→ **Source data**:
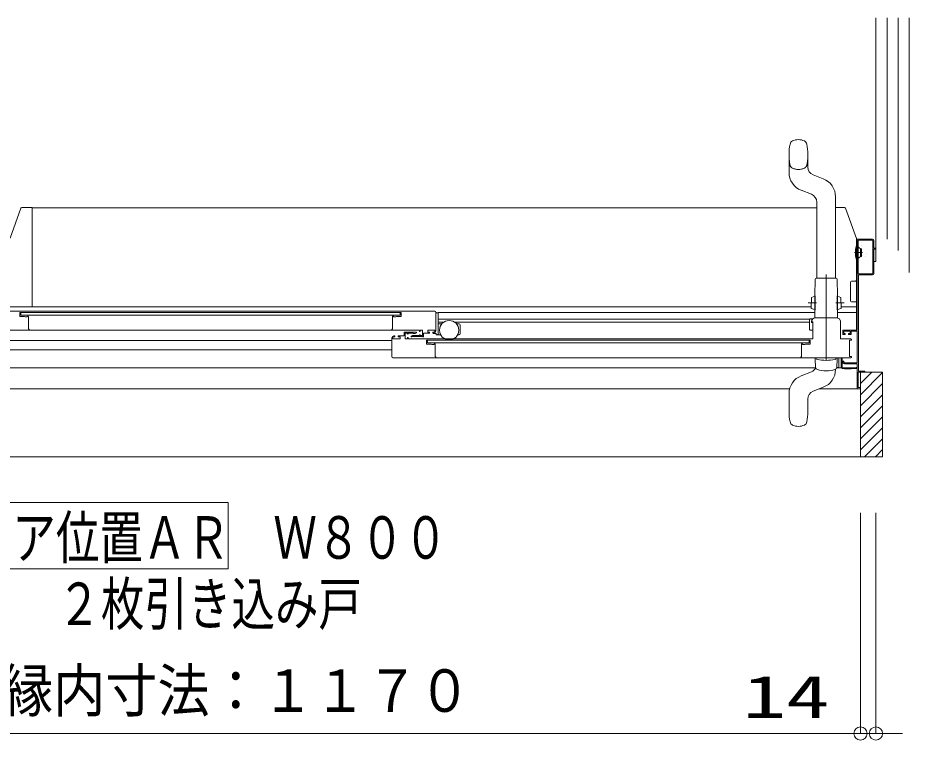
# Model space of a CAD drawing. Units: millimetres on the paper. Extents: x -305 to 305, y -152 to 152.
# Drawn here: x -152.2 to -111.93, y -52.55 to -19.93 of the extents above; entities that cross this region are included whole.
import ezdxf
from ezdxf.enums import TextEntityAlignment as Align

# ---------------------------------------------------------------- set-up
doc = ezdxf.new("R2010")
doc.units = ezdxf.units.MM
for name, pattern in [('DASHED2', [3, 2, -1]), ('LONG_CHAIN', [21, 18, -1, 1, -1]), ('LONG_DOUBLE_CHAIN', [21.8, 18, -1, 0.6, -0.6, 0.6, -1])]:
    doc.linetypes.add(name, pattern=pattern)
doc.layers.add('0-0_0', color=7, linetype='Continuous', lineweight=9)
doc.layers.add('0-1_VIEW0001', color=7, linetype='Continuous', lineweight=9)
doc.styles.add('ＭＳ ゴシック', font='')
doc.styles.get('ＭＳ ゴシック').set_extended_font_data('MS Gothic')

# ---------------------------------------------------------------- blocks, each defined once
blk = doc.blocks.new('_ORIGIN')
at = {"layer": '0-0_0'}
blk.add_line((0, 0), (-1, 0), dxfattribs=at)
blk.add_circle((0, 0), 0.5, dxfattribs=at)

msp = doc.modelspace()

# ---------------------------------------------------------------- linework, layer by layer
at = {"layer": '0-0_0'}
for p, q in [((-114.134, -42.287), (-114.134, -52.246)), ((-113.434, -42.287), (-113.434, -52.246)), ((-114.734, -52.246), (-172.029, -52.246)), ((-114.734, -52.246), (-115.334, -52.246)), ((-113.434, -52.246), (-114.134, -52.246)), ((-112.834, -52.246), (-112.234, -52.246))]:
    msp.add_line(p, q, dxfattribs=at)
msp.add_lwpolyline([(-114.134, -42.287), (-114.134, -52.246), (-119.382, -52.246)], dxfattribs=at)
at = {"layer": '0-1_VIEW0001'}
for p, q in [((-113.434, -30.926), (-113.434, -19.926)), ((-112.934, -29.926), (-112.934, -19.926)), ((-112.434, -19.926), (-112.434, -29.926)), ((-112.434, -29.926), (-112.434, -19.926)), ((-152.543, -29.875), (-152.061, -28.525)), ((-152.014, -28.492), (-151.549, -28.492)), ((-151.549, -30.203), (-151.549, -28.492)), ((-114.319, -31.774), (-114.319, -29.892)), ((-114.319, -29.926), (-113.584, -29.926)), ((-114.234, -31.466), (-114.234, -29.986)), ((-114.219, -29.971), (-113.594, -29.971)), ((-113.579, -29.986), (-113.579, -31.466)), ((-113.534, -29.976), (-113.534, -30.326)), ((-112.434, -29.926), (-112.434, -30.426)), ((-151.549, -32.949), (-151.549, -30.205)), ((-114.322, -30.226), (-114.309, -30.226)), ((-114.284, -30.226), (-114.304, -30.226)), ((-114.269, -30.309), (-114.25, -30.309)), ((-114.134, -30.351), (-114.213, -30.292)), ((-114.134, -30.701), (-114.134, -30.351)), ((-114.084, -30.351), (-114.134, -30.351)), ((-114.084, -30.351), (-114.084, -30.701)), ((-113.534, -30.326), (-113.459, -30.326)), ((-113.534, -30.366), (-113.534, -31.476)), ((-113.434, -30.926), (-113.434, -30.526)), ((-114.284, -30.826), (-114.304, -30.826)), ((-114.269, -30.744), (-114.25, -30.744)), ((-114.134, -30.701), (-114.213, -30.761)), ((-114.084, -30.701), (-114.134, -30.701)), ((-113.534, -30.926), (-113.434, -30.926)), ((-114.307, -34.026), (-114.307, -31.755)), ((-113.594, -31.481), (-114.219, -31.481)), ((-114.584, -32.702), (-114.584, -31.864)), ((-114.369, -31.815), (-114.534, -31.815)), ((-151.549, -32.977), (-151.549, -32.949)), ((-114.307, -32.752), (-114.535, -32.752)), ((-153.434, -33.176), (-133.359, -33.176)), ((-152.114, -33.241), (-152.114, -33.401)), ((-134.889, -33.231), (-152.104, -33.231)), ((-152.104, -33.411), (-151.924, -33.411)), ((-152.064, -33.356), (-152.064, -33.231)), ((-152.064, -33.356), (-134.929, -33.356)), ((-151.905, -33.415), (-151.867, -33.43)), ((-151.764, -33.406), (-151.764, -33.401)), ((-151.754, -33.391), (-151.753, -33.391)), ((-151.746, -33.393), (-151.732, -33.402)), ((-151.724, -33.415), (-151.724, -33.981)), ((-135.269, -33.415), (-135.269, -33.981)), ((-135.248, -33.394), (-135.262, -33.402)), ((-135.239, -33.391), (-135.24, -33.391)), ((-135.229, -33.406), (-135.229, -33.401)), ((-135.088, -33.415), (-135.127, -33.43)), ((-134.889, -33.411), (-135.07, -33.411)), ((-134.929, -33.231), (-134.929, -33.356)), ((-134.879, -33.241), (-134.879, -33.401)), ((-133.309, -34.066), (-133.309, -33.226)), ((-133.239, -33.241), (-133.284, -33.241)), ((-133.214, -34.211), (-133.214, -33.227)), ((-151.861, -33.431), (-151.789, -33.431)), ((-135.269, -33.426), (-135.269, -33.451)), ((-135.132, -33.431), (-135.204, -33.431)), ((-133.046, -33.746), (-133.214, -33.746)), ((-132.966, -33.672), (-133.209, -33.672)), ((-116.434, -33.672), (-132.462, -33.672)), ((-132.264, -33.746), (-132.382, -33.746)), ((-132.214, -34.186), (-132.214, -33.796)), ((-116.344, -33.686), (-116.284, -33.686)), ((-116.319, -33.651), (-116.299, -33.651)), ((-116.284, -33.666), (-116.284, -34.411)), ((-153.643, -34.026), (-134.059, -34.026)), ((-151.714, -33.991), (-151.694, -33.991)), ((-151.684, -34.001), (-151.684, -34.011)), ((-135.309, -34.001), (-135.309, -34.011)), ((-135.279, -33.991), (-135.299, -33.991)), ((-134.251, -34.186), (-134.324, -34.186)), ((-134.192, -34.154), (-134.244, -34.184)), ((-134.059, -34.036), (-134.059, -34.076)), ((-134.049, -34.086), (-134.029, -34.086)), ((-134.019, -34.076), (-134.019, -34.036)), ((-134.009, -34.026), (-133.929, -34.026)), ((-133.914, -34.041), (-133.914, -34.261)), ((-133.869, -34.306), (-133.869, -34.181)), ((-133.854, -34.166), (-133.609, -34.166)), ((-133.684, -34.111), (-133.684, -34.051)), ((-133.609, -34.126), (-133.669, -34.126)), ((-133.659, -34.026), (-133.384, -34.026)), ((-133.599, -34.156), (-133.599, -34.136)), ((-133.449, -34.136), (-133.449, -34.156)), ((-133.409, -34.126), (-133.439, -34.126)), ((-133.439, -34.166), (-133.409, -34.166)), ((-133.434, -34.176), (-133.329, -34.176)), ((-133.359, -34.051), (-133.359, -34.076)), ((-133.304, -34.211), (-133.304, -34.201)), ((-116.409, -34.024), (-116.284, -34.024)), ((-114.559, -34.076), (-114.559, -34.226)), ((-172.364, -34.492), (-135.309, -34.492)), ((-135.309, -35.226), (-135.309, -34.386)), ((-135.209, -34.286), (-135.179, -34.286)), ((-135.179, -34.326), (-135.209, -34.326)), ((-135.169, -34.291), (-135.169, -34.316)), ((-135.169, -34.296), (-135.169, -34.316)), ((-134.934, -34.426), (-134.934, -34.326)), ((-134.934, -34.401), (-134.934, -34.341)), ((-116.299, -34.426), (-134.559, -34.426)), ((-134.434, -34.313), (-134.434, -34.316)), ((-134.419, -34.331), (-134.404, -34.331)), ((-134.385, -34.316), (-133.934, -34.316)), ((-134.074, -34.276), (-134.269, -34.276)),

→ **Aim of the task**: Determine how many lines of the material include the string "color". Output only that count.

→ **Solution to the problem**: 2